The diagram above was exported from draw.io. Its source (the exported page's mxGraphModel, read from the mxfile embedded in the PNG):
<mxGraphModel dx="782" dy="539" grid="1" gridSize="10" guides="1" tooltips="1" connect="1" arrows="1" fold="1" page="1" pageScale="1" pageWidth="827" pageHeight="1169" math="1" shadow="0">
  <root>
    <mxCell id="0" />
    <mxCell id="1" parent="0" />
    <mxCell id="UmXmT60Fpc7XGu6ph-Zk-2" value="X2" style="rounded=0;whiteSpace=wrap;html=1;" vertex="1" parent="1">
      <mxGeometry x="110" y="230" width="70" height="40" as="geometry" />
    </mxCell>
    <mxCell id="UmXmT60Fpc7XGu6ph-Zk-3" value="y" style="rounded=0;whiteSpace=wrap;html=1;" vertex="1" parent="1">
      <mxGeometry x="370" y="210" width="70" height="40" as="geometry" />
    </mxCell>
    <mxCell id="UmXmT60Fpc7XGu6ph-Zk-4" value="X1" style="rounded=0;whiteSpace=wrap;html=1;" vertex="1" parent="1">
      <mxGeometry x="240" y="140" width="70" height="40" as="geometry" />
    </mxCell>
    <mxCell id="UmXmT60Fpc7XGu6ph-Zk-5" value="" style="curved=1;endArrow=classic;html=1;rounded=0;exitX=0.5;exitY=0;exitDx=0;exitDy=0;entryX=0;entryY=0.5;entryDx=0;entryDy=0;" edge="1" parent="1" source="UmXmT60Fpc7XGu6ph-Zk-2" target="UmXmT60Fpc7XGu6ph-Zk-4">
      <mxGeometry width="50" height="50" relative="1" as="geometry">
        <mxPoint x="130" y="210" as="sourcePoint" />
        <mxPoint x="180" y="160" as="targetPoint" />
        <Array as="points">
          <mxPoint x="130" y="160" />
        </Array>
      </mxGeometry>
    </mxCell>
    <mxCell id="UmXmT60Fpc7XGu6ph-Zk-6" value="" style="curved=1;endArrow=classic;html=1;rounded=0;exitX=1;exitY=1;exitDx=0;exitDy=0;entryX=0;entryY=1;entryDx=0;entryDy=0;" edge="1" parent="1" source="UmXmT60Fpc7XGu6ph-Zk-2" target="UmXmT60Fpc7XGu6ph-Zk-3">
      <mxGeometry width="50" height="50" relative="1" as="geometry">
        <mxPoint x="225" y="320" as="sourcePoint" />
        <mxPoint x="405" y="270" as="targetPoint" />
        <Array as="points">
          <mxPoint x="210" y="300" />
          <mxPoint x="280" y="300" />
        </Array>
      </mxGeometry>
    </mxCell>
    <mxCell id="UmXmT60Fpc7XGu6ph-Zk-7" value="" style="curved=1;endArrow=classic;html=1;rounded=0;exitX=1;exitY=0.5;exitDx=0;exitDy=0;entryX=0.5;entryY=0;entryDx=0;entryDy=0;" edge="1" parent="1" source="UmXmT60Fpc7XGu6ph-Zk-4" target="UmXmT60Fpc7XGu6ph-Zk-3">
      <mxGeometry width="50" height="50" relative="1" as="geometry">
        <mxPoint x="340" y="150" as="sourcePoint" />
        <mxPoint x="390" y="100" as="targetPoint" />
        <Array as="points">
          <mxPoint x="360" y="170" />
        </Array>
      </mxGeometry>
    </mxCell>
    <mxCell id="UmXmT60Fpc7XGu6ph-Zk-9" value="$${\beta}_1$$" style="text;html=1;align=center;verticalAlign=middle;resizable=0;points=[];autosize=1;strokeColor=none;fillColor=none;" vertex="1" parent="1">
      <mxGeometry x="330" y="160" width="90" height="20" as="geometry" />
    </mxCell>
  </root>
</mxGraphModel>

> **Task to carry out**
Your response must repeat all of the material above exactly.

> **Reply**
The diagram above was exported from draw.io. Its source (the exported page's mxGraphModel, read from the mxfile embedded in the PNG):
<mxGraphModel dx="782" dy="539" grid="1" gridSize="10" guides="1" tooltips="1" connect="1" arrows="1" fold="1" page="1" pageScale="1" pageWidth="827" pageHeight="1169" math="1" shadow="0">
  <root>
    <mxCell id="0" />
    <mxCell id="1" parent="0" />
    <mxCell id="UmXmT60Fpc7XGu6ph-Zk-2" value="X2" style="rounded=0;whiteSpace=wrap;html=1;" vertex="1" parent="1">
      <mxGeometry x="110" y="230" width="70" height="40" as="geometry" />
    </mxCell>
    <mxCell id="UmXmT60Fpc7XGu6ph-Zk-3" value="y" style="rounded=0;whiteSpace=wrap;html=1;" vertex="1" parent="1">
      <mxGeometry x="370" y="210" width="70" height="40" as="geometry" />
    </mxCell>
    <mxCell id="UmXmT60Fpc7XGu6ph-Zk-4" value="X1" style="rounded=0;whiteSpace=wrap;html=1;" vertex="1" parent="1">
      <mxGeometry x="240" y="140" width="70" height="40" as="geometry" />
    </mxCell>
    <mxCell id="UmXmT60Fpc7XGu6ph-Zk-5" value="" style="curved=1;endArrow=classic;html=1;rounded=0;exitX=0.5;exitY=0;exitDx=0;exitDy=0;entryX=0;entryY=0.5;entryDx=0;entryDy=0;" edge="1" parent="1" source="UmXmT60Fpc7XGu6ph-Zk-2" target="UmXmT60Fpc7XGu6ph-Zk-4">
      <mxGeometry width="50" height="50" relative="1" as="geometry">
        <mxPoint x="130" y="210" as="sourcePoint" />
        <mxPoint x="180" y="160" as="targetPoint" />
        <Array as="points">
          <mxPoint x="130" y="160" />
        </Array>
      </mxGeometry>
    </mxCell>
    <mxCell id="UmXmT60Fpc7XGu6ph-Zk-6" value="" style="curved=1;endArrow=classic;html=1;rounded=0;exitX=1;exitY=1;exitDx=0;exitDy=0;entryX=0;entryY=1;entryDx=0;entryDy=0;" edge="1" parent="1" source="UmXmT60Fpc7XGu6ph-Zk-2" target="UmXmT60Fpc7XGu6ph-Zk-3">
      <mxGeometry width="50" height="50" relative="1" as="geometry">
        <mxPoint x="225" y="320" as="sourcePoint" />
        <mxPoint x="405" y="270" as="targetPoint" />
        <Array as="points">
          <mxPoint x="210" y="300" />
          <mxPoint x="280" y="300" />
        </Array>
      </mxGeometry>
    </mxCell>
    <mxCell id="UmXmT60Fpc7XGu6ph-Zk-7" value="" style="curved=1;endArrow=classic;html=1;rounded=0;exitX=1;exitY=0.5;exitDx=0;exitDy=0;entryX=0.5;entryY=0;entryDx=0;entryDy=0;" edge="1" parent="1" source="UmXmT60Fpc7XGu6ph-Zk-4" target="UmXmT60Fpc7XGu6ph-Zk-3">
      <mxGeometry width="50" height="50" relative="1" as="geometry">
        <mxPoint x="340" y="150" as="sourcePoint" />
        <mxPoint x="390" y="100" as="targetPoint" />
        <Array as="points">
          <mxPoint x="360" y="170" />
        </Array>
      </mxGeometry>
    </mxCell>
    <mxCell id="UmXmT60Fpc7XGu6ph-Zk-9" value="$${\beta}_1$$" style="text;html=1;align=center;verticalAlign=middle;resizable=0;points=[];autosize=1;strokeColor=none;fillColor=none;" vertex="1" parent="1">
      <mxGeometry x="330" y="160" width="90" height="20" as="geometry" />
    </mxCell>
  </root>
</mxGraphModel>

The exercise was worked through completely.